MSCs provoke no or negligible adverse reactions in patients that receive them from healthy donors, and can be easily isolated from human tissues, expanded to clinical scales, biopreserved, and stored for point-of-care delivery. This efficiency in preparing medical grade MSCs contrasts with the relative inefficiency with which they currently can be delivered to target tissues in patients. Clinicians often need to administer massive numbers of MSCs with high precision to reach sufficient numbers of cells that successfully engraft and remain functional over time.

To overcome this bottleneck, researchers have developed materials-based approaches in which MSCs are embedded in biomaterial scaffolds that then can be implanted as “patches” in minimally invasive procedures into damaged tissues. However, those cells are often limited in their ability to migrate, overcome tissue barriers, and successfully engraft in tissue microenvironments where their action is needed most. In principle, injection approaches can introduce MSCs into tissues via hypodermic needles in a more targeted manner, but any direct injection to the tissue is invasive and can cause inadvertent tissue damage and side effects like the formation of scar tissue.

Now, a new study reported in Advanced Functional Materials by a team at the Terasaki Institute for Biomedical Innovation in Los Angeles and the University of California, Los Angeles (UCLA) has developed a minimally invasive approach, which deploys “microneedles” that provide a bioactive depot of MSCs. By embedding comparatively low numbers of MSCs in a gel-like material that prolongs their viability and functionality, and targeting damaged tissues with high spatial precision, the researchers showed their approach to accelerate wound healing in a mouse model with excised skin segments, a media release from Terasaki Institute for Biomedical Innovation explains.

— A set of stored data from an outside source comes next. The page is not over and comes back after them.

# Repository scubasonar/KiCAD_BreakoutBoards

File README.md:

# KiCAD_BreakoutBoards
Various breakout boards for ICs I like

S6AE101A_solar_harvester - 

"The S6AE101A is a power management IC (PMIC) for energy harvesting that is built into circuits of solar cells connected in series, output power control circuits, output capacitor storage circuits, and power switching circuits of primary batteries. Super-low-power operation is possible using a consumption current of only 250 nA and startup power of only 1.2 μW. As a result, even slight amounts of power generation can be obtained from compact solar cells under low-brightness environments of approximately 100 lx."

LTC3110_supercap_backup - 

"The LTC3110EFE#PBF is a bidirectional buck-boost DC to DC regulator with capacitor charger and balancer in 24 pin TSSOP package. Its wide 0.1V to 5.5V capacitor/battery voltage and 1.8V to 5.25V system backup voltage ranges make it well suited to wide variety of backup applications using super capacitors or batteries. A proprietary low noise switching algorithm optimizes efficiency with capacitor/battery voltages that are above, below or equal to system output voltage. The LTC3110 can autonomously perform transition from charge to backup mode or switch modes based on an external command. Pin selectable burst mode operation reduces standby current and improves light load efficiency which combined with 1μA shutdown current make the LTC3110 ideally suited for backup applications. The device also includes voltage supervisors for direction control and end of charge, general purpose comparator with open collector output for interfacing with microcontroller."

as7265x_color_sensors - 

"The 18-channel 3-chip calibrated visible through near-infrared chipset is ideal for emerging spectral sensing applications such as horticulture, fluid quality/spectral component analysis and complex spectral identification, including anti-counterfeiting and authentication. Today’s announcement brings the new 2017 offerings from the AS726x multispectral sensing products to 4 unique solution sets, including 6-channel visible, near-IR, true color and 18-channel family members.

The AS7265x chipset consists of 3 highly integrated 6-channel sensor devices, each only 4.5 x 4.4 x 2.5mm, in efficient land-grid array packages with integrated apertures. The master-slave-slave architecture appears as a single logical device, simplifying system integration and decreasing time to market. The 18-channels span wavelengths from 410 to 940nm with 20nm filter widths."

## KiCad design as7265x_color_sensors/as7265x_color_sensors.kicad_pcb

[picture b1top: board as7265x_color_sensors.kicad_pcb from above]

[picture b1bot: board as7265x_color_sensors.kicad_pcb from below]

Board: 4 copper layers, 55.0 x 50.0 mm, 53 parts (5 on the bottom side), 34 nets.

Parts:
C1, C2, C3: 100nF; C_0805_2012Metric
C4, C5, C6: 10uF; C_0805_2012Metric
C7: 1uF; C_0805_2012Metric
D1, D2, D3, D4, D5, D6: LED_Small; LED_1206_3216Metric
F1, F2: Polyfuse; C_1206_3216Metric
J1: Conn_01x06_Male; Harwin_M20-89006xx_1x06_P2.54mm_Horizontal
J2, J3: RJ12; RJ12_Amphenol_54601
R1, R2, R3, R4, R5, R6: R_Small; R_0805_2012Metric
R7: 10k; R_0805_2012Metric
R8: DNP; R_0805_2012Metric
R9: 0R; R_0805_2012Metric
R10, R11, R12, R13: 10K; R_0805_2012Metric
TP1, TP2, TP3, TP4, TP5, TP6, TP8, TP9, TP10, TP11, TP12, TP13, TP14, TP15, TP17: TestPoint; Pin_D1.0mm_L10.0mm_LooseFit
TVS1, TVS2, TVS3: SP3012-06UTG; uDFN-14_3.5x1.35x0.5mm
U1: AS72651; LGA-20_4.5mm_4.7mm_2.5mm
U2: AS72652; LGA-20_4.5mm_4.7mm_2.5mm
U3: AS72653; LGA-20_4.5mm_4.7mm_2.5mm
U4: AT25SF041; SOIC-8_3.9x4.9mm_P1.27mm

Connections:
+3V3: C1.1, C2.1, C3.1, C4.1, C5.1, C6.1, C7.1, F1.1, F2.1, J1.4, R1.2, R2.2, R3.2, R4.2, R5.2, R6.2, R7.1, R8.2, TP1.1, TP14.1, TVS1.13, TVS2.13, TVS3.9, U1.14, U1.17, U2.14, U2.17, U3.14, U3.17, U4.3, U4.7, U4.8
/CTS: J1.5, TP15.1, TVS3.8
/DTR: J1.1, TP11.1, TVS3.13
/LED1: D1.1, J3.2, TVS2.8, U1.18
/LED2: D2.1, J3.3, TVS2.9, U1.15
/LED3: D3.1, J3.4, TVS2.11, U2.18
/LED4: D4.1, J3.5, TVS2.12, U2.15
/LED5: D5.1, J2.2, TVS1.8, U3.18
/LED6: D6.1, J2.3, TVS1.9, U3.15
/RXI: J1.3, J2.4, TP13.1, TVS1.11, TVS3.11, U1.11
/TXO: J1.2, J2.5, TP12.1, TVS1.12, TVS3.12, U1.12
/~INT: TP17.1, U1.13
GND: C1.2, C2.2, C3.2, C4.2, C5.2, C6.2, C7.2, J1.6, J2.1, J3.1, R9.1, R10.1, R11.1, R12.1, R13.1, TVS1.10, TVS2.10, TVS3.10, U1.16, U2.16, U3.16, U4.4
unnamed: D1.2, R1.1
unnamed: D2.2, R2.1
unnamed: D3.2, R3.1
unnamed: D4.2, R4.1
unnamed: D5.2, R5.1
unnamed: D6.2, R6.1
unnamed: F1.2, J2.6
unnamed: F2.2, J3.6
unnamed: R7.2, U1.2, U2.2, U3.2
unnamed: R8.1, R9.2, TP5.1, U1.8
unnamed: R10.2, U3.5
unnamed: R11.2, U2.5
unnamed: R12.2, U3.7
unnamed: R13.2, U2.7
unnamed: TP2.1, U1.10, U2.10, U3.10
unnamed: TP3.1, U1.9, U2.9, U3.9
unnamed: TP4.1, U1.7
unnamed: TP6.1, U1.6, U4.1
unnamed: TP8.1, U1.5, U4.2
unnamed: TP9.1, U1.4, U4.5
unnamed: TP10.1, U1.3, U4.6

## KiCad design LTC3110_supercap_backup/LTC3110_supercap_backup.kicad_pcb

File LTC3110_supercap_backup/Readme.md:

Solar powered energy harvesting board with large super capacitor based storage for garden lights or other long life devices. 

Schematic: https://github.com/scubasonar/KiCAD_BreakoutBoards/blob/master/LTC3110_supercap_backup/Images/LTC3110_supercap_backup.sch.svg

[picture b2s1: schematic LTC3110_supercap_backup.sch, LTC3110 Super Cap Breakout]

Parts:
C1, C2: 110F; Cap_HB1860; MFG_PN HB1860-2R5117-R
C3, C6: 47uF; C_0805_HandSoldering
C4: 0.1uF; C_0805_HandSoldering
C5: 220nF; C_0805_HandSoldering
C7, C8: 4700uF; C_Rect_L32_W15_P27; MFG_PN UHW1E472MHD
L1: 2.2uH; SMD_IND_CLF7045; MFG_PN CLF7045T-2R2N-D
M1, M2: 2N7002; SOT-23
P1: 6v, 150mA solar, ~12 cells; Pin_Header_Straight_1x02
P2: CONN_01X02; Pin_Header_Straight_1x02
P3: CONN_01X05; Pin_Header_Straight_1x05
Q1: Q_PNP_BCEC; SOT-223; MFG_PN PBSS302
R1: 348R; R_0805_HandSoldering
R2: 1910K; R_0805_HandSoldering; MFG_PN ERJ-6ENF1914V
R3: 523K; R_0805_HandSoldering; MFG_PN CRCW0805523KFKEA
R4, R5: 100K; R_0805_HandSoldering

“Microneedles have been successfully used in the past to painlessly deliver drugs to target tissues such as skin, blood vessels and eyes. We demonstrate here with ‘Detachable Microneedle Depots’ that an analogous approach can deploy therapeutic cells at target sites. To achieve this, we developed an entirely new microneedle patch that supports stem cells’ viability, responsiveness to wound stimuli, and ability to accelerate wound healing.”

— co-corresponding author Ali Khademhosseini, the Director and CEO of the Terasaki Institute who was previously Director of the UCLA Center for Minimally Invasive Therapeutics

At the beginning of their study, Khademhosseini and his co-workers hypothesized that embedding MSCs in a biocompatible and biodegradable biomaterial matrix could help create a hydrated environment with the mechanical properties that stem cells need in order to remain alive and functioning over a longer time. The researchers started by engineering a matrix of gelatin fibers that are cross-linked to each other into a network that could accommodate MSCs. The biomaterial mimicked the normal extracellular environment of tissues that MSCs normally reside in, and it helped to remodel the specific matrix environment in a way that allowed MSCs to take up nutrients and communicate with damaged tissue via soluble factors that they normally receive and dispatch.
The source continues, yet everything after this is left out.